### Data for review ###

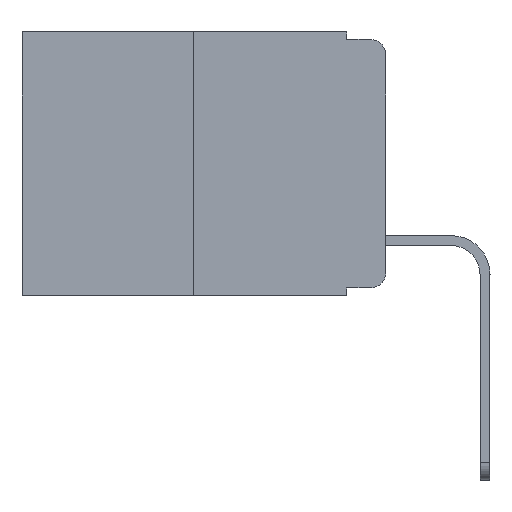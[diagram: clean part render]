
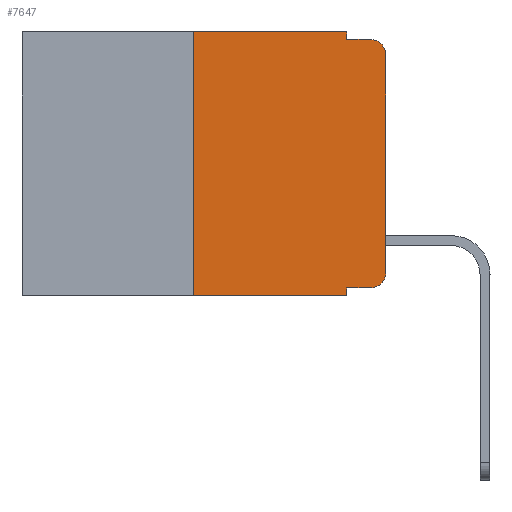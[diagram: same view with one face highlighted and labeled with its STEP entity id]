
A CAD part, left-side view. The second image highlights one B-rep face of the part: STEP entity #7647.
In plain terms, the highlighted planar face has unit normal (-1, 0, 0).
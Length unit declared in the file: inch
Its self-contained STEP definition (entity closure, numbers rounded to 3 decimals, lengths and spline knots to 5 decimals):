
#80 = ORIENTED_EDGE ( 'NONE', *, *, #2067, .F. ) ;
#142 = FACE_OUTER_BOUND ( 'NONE', #2467, .T. ) ;
#417 = CARTESIAN_POINT ( 'NONE',  ( 0., 0.051, 0. ) ) ;
#504 = EDGE_CURVE ( 'NONE', #506, #6659, #6852, .T. ) ;
#506 = VERTEX_POINT ( 'NONE', #6895 ) ;
#816 = CARTESIAN_POINT ( 'NONE',  ( 0., 0., 0. ) ) ;
#959 = LINE ( 'NONE', #816, #7897 ) ;
#1208 = CARTESIAN_POINT ( 'NONE',  ( 0., 0.25, 0. ) ) ;
#1374 = ORIENTED_EDGE ( 'NONE', *, *, #7845, .T. ) ;
#1387 = VERTEX_POINT ( 'NONE', #7589 ) ;
#1558 = ORIENTED_EDGE ( 'NONE', *, *, #4348, .F. ) ;
#1628 = EDGE_CURVE ( 'NONE', #9937, #4943, #8287, .T. ) ;
#1959 = PLANE ( 'NONE',  #8017 ) ;
#2016 = CARTESIAN_POINT ( 'NONE',  ( 0., 0.02, -0.01 ) ) ;
#2067 = EDGE_CURVE ( 'NONE', #5476, #2858, #8679, .T. ) ;
#2132 = DIRECTION ( 'NONE',  ( 0., -1., 0. ) ) ;
#2247 = CARTESIAN_POINT ( 'NONE',  ( 0., 0.473, 0. ) ) ;
#2257 = DIRECTION ( 'NONE',  ( 0., 0., -1. ) ) ;
#2467 = EDGE_LOOP ( 'NONE', ( #5366, #10302, #7525, #4366, #7783, #80, #6530, #1558, #2729, #1374 ) ) ;
#2472 = LINE ( 'NONE', #4394, #7123 ) ;
#2729 = ORIENTED_EDGE ( 'NONE', *, *, #504, .T. ) ;
#2858 = VERTEX_POINT ( 'NONE', #6424 ) ;
#2880 = VERTEX_POINT ( 'NONE', #6281 ) ;
#3618 = DIRECTION ( 'NONE',  ( 0., 0., -1. ) ) ;
#3690 = CARTESIAN_POINT ( 'NONE',  ( 0., 0.473, 0. ) ) ;
#3721 = DIRECTION ( 'NONE',  ( 0., -1., 0. ) ) ;
#3725 = DIRECTION ( 'NONE',  ( 0., 0., 1. ) ) ;
#3787 = CARTESIAN_POINT ( 'NONE',  ( 0., 0., -0.03 ) ) ;
#3966 = VECTOR ( 'NONE', #4479, 39.37008 ) ;
#4348 = EDGE_CURVE ( 'NONE', #506, #1387, #9132, .T. ) ;
#4366 = ORIENTED_EDGE ( 'NONE', *, *, #9215, .F. ) ;
#4394 = CARTESIAN_POINT ( 'NONE',  ( 0., 0.051, 0. ) ) ;
#4479 = DIRECTION ( 'NONE',  ( 0., -1., 0. ) ) ;
#4858 = DIRECTION ( 'NONE',  ( 0., 0., -1. ) ) ;
#4943 = VERTEX_POINT ( 'NONE', #2016 ) ;
#5366 = ORIENTED_EDGE ( 'NONE', *, *, #9820, .T. ) ;
#5395 = LINE ( 'NONE', #2247, #8693 ) ;
#5476 = VERTEX_POINT ( 'NONE', #7445 ) ;
#5907 = CARTESIAN_POINT ( 'NONE',  ( 0., 0.02, -0.313 ) ) ;
#6082 = LINE ( 'NONE', #10769, #6740 ) ;
#6119 = CARTESIAN_POINT ( 'NONE',  ( 0., 0.051, -0.333 ) ) ;
#6281 = CARTESIAN_POINT ( 'NONE',  ( 0., 0.051, -0.01 ) ) ;
#6312 = LINE ( 'NONE', #9661, #7105 ) ;
#6348 = VECTOR ( 'NONE', #4858, 39.37008 ) ;
#6403 = CARTESIAN_POINT ( 'NONE',  ( 0., 0.051, 0. ) ) ;
#6424 = CARTESIAN_POINT ( 'NONE',  ( 0., 0.25, 0. ) ) ;
#6472 = AXIS2_PLACEMENT_3D ( 'NONE', #5907, #6677, #7482 ) ;
#6530 = ORIENTED_EDGE ( 'NONE', *, *, #9206, .T. ) ;
#6659 = VERTEX_POINT ( 'NONE', #9105 ) ;
#6677 = DIRECTION ( 'NONE',  ( -1., 0., 0. ) ) ;
#6740 = VECTOR ( 'NONE', #8363, 39.37008 ) ;
#6852 = LINE ( 'NONE', #6119, #3966 ) ;
#6895 = CARTESIAN_POINT ( 'NONE',  ( 0., 0.051, -0.333 ) ) ;
#7105 = VECTOR ( 'NONE', #2132, 39.37008 ) ;
#7123 = VECTOR ( 'NONE', #9284, 39.37008 ) ;
#7445 = CARTESIAN_POINT ( 'NONE',  ( 0., 0.25, -0.343 ) ) ;
#7482 = DIRECTION ( 'NONE',  ( 0., 0., -1. ) ) ;
#7525 = ORIENTED_EDGE ( 'NONE', *, *, #9961, .F. ) ;
#7589 = CARTESIAN_POINT ( 'NONE',  ( 0., 0.051, -0.343 ) ) ;
#7647 = ADVANCED_FACE ( 'NONE', ( #142 ), #1959, .F. ) ;
#7730 = CIRCLE ( 'NONE', #6472, 0.02 ) ;
#7783 = ORIENTED_EDGE ( 'NONE', *, *, #10815, .F. ) ;
#7845 = EDGE_CURVE ( 'NONE', #6659, #9399, #7730, .T. ) ;
#7897 = VECTOR ( 'NONE', #9325, 39.37008 ) ;
#8017 = AXIS2_PLACEMENT_3D ( 'NONE', #3690, #8653, #3618 ) ;
#8273 = AXIS2_PLACEMENT_3D ( 'NONE', #10617, #9893, #2257 ) ;
#8287 = CIRCLE ( 'NONE', #8273, 0.02 ) ;
#8363 = DIRECTION ( 'NONE',  ( 0., -1., 0. ) ) ;
#8653 = DIRECTION ( 'NONE',  ( 1., 0., 0. ) ) ;
#8679 = LINE ( 'NONE', #1208, #9208 ) ;
#8693 = VECTOR ( 'NONE', #3721, 39.37008 ) ;
#8765 = CARTESIAN_POINT ( 'NONE',  ( 0., 0., -0.313 ) ) ;
#9105 = CARTESIAN_POINT ( 'NONE',  ( 0., 0.02, -0.333 ) ) ;
#9132 = LINE ( 'NONE', #6403, #6348 ) ;
#9206 = EDGE_CURVE ( 'NONE', #5476, #1387, #6082, .T. ) ;
#9208 = VECTOR ( 'NONE', #3725, 39.37008 ) ;
#9215 = EDGE_CURVE ( 'NONE', #9389, #2880, #2472, .T. ) ;
#9284 = DIRECTION ( 'NONE',  ( 0., 0., -1. ) ) ;
#9325 = DIRECTION ( 'NONE',  ( 0., 0., 1. ) ) ;
#9389 = VERTEX_POINT ( 'NONE', #417 ) ;
#9399 = VERTEX_POINT ( 'NONE', #8765 ) ;
#9661 = CARTESIAN_POINT ( 'NONE',  ( 0., 0.051, -0.01 ) ) ;
#9820 = EDGE_CURVE ( 'NONE', #9399, #9937, #959, .T. ) ;
#9893 = DIRECTION ( 'NONE',  ( -1., 0., 0. ) ) ;
#9937 = VERTEX_POINT ( 'NONE', #3787 ) ;
#9961 = EDGE_CURVE ( 'NONE', #2880, #4943, #6312, .T. ) ;
#10302 = ORIENTED_EDGE ( 'NONE', *, *, #1628, .T. ) ;
#10617 = CARTESIAN_POINT ( 'NONE',  ( 0., 0.02, -0.03 ) ) ;
#10769 = CARTESIAN_POINT ( 'NONE',  ( 0., 0.473, -0.343 ) ) ;
#10815 = EDGE_CURVE ( 'NONE', #2858, #9389, #5395, .T. ) ;

###

Which of the lines above include the string "unit"? Pick them out and copy them.

**Your solution**
In plain terms, the highlighted planar face has unit normal (-1, 0, 0).
Length unit declared in the file: inch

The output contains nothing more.